Blue Hair and Brown Eyes
The bathroom mirror showed a stranger. My hair, normally a boring shade of mouse brown that blended into classroom walls, now screamed NEON BLUE. Not cool-blue. Not ocean-blue. The radioactive-blue of energy drinks and toxic waste.
"You look like a Smurf that exploded," my little brother announced from the doorway. I slammed the door in his face.
My phone buzzed. Group chat blowing up about Jordan's pool party tonight. The one I'd been dreading for weeks. The one where Tyler would definitely be there, looking perfect with his perfectly normal-colored hair and his perfect abs and his perfect everything.
I flopped onto my bed, where Barnaby — my parents' elderly golden retriever — was already snoring on my pillow. He opened one brown eye, let out a huff, and rested his chin on my stomach. His fur was everywhere. On my sheets. On my favorite black hoodie. Currently, all over my new blue hair.
"You don't care that I look like a walking chemical accident, do you?" I whispered. Barnaby licked my chin. His breath smelled like old dog treats and unconditional love.
The water thing should've been easy. I'd been on the swim team since seventh grade. But something about standing around Jordan's inground pool in a swimsuit while everyone judged my hair disaster made my stomach twist.
I washed my hair three times. The blue stayed. I tried putting it in a bun. The blue peeked out. I considered a hat, but it was ninety degrees.
At the party, I stood by the snack table, clutching a red Solo cup like it contained the antidote to social death. People stared. Not mean staring, just... confused staring.
"Nice hair," Tyler said, appearing beside me. My face burned hotter than the pavement in July. "Is that, like, intentional?"
"Chemical disaster," I mumbled. "Boxing dye fail."
He studied me for a second. A long, agonizing second where I calculated how fast I could run to my car.
"Actually," Tyler said, "it kinda looks cool.
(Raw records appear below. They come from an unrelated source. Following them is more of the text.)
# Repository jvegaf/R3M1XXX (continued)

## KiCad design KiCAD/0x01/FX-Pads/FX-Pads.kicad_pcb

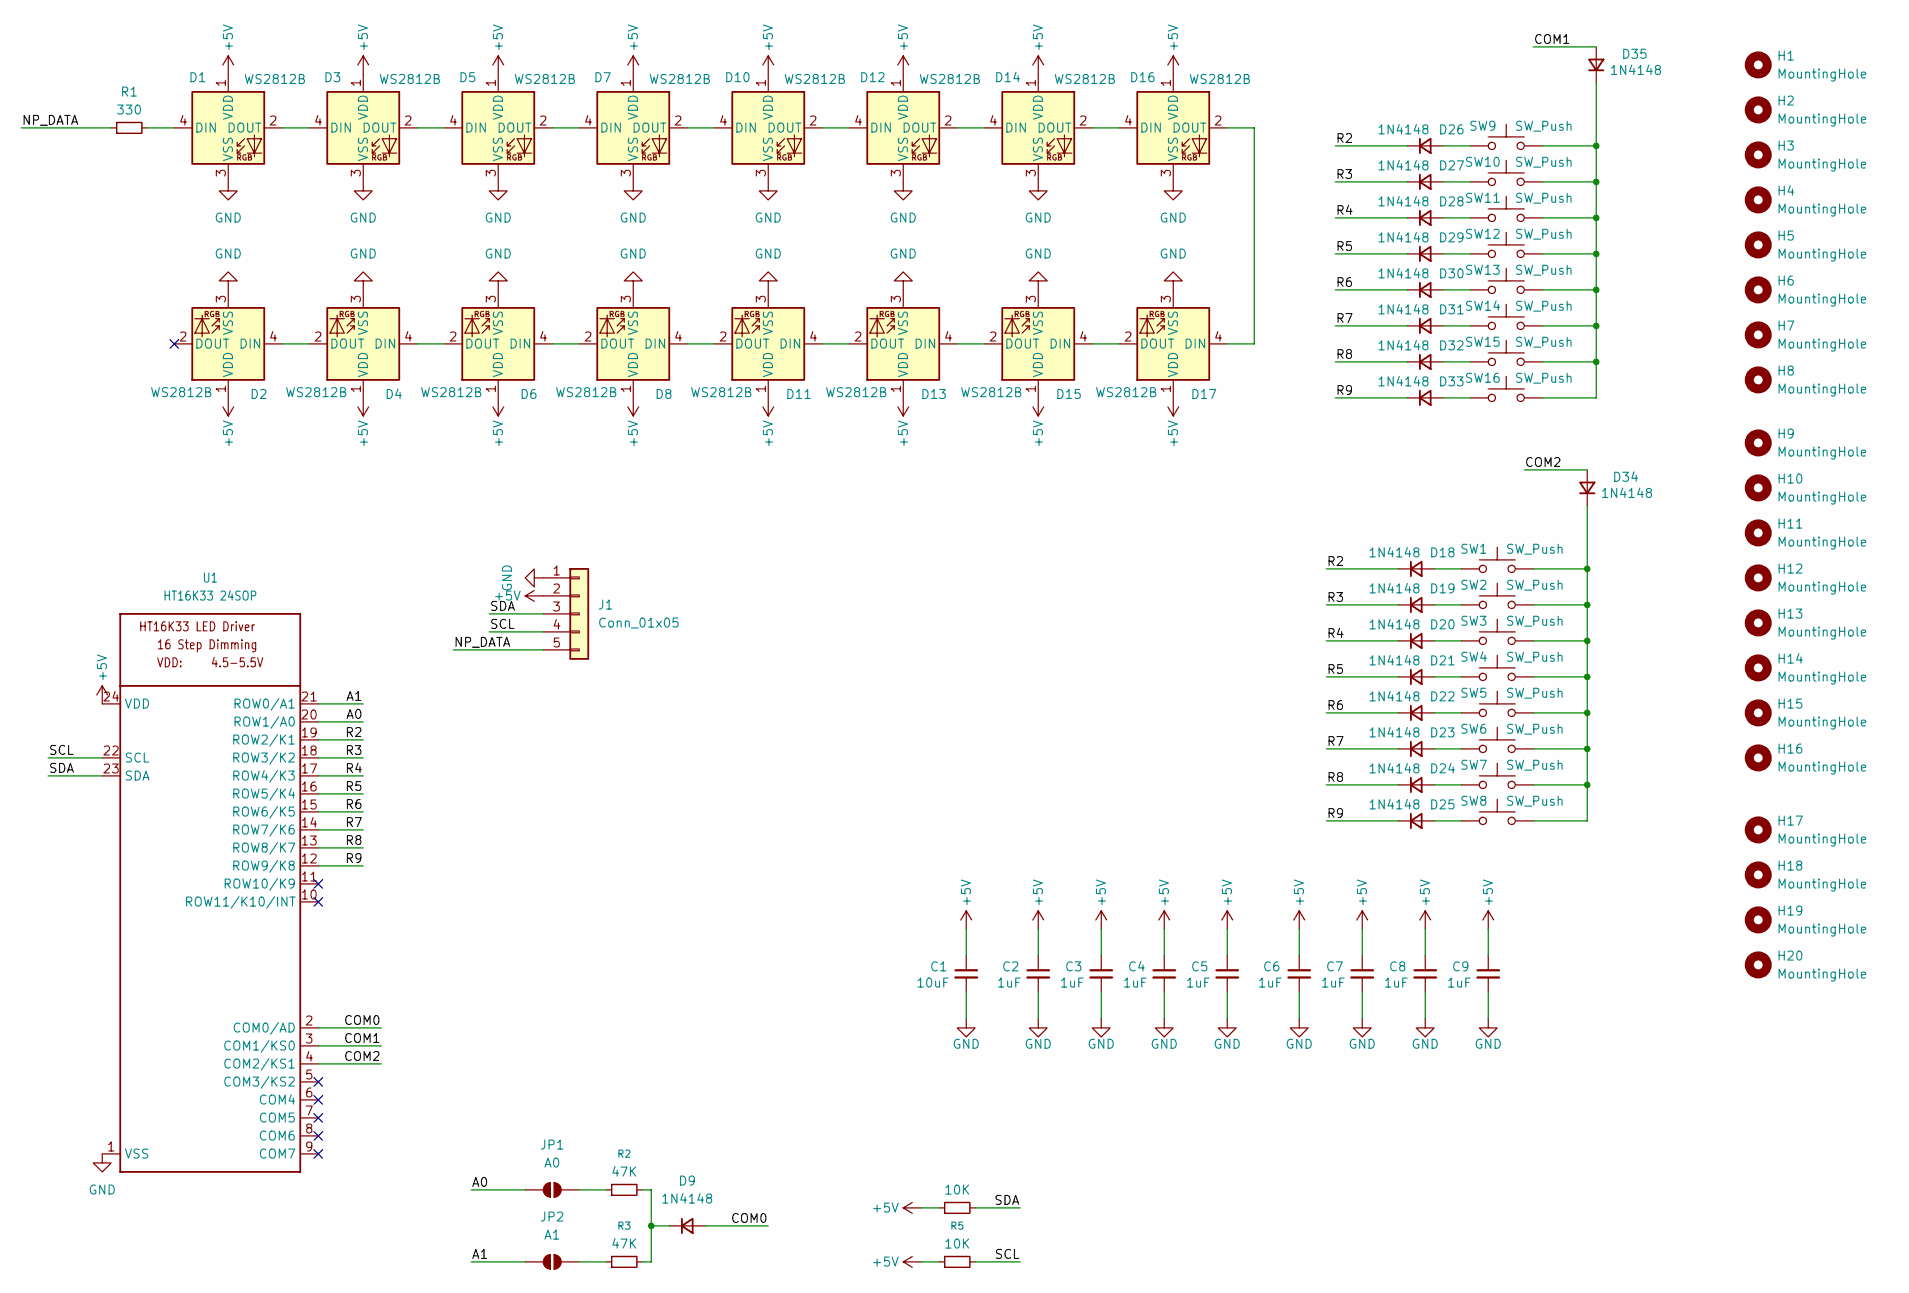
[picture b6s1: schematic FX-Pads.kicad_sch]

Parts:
C1: 10uF; C_0805_2012Metric_Pad1.18x1.45mm_HandSolder
C2, C3, C4, C5, C6, C7, C8, C9: 1uF; C_0603_1608Metric_Pad1.08x0.95mm_HandSolder
D1, D2, D3, D4, D5, D6, D7, D8, D10, D11, D12, D13, D14, D15, D16, D17: WS2812B; LED_WS2812B_PLCC4_5.0x5.0mm_P3.2mm
D9, D18, D19, D20, D21, D22, D23, D24, D25, D26, D27, D28, D29, D30, D31, D32, D33, D34, D35: 1N4148; D_SOD-123
H1, H2, H3, H4, H5, H6, H7, H8, H9, H10, H11, H12, H13, H14, H15, H16: MountingHole; MountingHole_3.2mm_M3_ISO7380
H17, H18, H19, H20: MountingHole; MountingHole_2.2mm_M2
J1: Conn_01x05; JST_PH_S5B-PH-K_1x05_P2.00mm_Horizontal
JP1: A0; SolderJumper-2_P1.3mm_Open_RoundedPad1.0x1.5mm
JP2: A1; SolderJumper-2_P1.3mm_Open_RoundedPad1.0x1.5mm
R1: 330; R_0805_2012Metric_Pad1.20x1.40mm_HandSolder
R2, R3: 47K; R_0805_2012Metric_Pad1.20x1.40mm_HandSolder
R4, R5: 10K; R_0805_2012Metric_Pad1.20x1.40mm_HandSolder
SW1, SW2, SW3, SW4, SW5, SW6, SW7, SW8, SW9, SW10, SW11, SW12, SW13, SW14, SW15, SW16: SW_Push; sw-pad
U1: HT16K33 24SOP; SOIC-24W_7.5x15.4mm_P1.27mm

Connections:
+5V: C1.1, C2.1, C3.1, C4.1, C5.1, C6.1, C7.1, C8.1, C9.1, D1.1 (VDD), D2.1 (VDD), D3.1 (VDD), D4.1 (VDD), D5.1 (VDD), D6.1 (VDD), D7.1 (VDD), D8.1 (VDD), D10.1 (VDD), D11.1 (VDD), D12.1 (VDD), D13.1 (VDD), D14.1 (VDD), D15.1 (VDD), D16.1 (VDD), D17.1 (VDD), J1.2, R4.1, R5.1, U1.24 (VDD)
/A0: JP1.1 (A), U1.20 (ROW1/A0)
/A1: JP2.1 (A), U1.21 (ROW0/A1)
/COM0: D9.2 (A), U1.2 (COM0/AD)
/COM1: D35.2 (A), U1.3 (COM1/KS0)
/COM2: D34.2 (A), U1.4 (COM2/KS1)
/NP_DATA: J1.5, R1.1
/R2: D18.1 (K), D26.1 (K), U1.19 (ROW2/K1)
/R3: D19.1 (K), D27.1 (K), U1.18 (ROW3/K2)
/R4: D20.1 (K), D28.1 (K), U1.17 (ROW4/K3)
/R5: D21.1 (K), D29.1 (K), U1.16 (ROW5/K4)
/R6: D22.1 (K), D30.1 (K), U1.15 (ROW6/K5)
/R7: D23.1 (K), D31.1 (K), U1.14 (ROW7/K6)
/R8: D24.1 (K), D32.1 (K), U1.13 (ROW8/K7)
/R9: D25.1 (K), D33.1 (K), U1.12 (ROW9/K8)
/SCL: J1.4, R5.2, U1.22 (SCL)
/SDA: J1.3, R4.2, U1.23 (SDA)
GND: C1.2, C2.2, C3.2, C4.2, C5.2, C6.2, C7.2, C8.2, C9.2, D1.3 (VSS), D2.3 (VSS), D3.3 (VSS), D4.3 (VSS), D5.3 (VSS), D6.3 (VSS), D7.3 (VSS), D8.3 (VSS), D10.3 (VSS), D11.3 (VSS), D12.3 (VSS), D13.3 (VSS), D14.3 (VSS), D15.3 (VSS), D16.3 (VSS), D17.3 (VSS), J1.1, U1.1 (VSS)
unnamed: D1.4 (DIN), R1.2
unnamed: D1.2 (DOUT), D3.4 (DIN)
unnamed: D2.4 (DIN), D4.2 (DOUT)
unnamed: D3.2 (DOUT), D5.4 (DIN)
unnamed: D4.4 (DIN), D6.2 (DOUT)
unnamed: D5.2 (DOUT), D7.4 (DIN)
unnamed: D6.4 (DIN), D8.2 (DOUT)
unnamed: D9.1 (K), R2.2, R3.2
unnamed: D7.2 (DOUT), D10.4 (DIN)
unnamed: D10.2 (DOUT), D12.4 (DIN)
unnamed: D11.4 (DIN), D13.2 (DOUT)
unnamed: D8.4 (DIN), D11.2 (DOUT)
unnamed: D12.2 (DOUT), D14.4 (DIN)
unnamed: D13.4 (DIN), D15.2 (DOUT)
unnamed: D14.2 (DOUT), D16.4 (DIN)
unnamed: D15.4 (DIN), D17.2 (DOUT)
unnamed: D16.2 (DOUT), D17.4 (DIN)
unnamed: D18.2 (A), SW1.1
unnamed: D19.2 (A), SW2.1
unnamed: D20.2 (A), SW3.1
unnamed: D21.2 (A), SW4.1
unnamed: D22.2 (A), SW5.1
unnamed: D23.2 (A), SW6.1
unnamed: D24.2 (A), SW7.1
unnamed: D25.2 (A), SW8.1
unnamed: D26.2 (A), SW9.1
unnamed: D27.2 (A), SW10.1
unnamed: D28.2 (A), SW11.1
unnamed: D29.2 (A), SW12.1
unnamed: D30.2 (A), SW13.1
unnamed: D31.2 (A), SW14.1
unnamed: D32.2 (A), SW15.1
unnamed: D33.2 (A), SW16.1
unnamed: D34.1 (K), SW1.2, SW2.2, SW3.2, SW4.2, SW5.2, SW6.2, SW7.2, SW8.2
unnamed: D35.1 (K), SW9.2, SW10.2, SW11.2, SW12.2, SW13.2, SW14.2, SW15.2, SW16.2
unnamed: JP1.2 (B), R2.1
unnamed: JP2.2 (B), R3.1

Like, really cool. Different."
Barnaby would've approved. Tyler didn't even flinch when I jumped into the pool ten minutes later, blue hair plastering to my face like seaweed. The water washed away the anxiety, or maybe it just drowned it.
My hair was still blue when I got home. Still blue when Barnaby thumped his tail against my bedroom door at midnight. Still blue when Tyler texted: "Same time next week?"
Some disasters turn into something else entirely.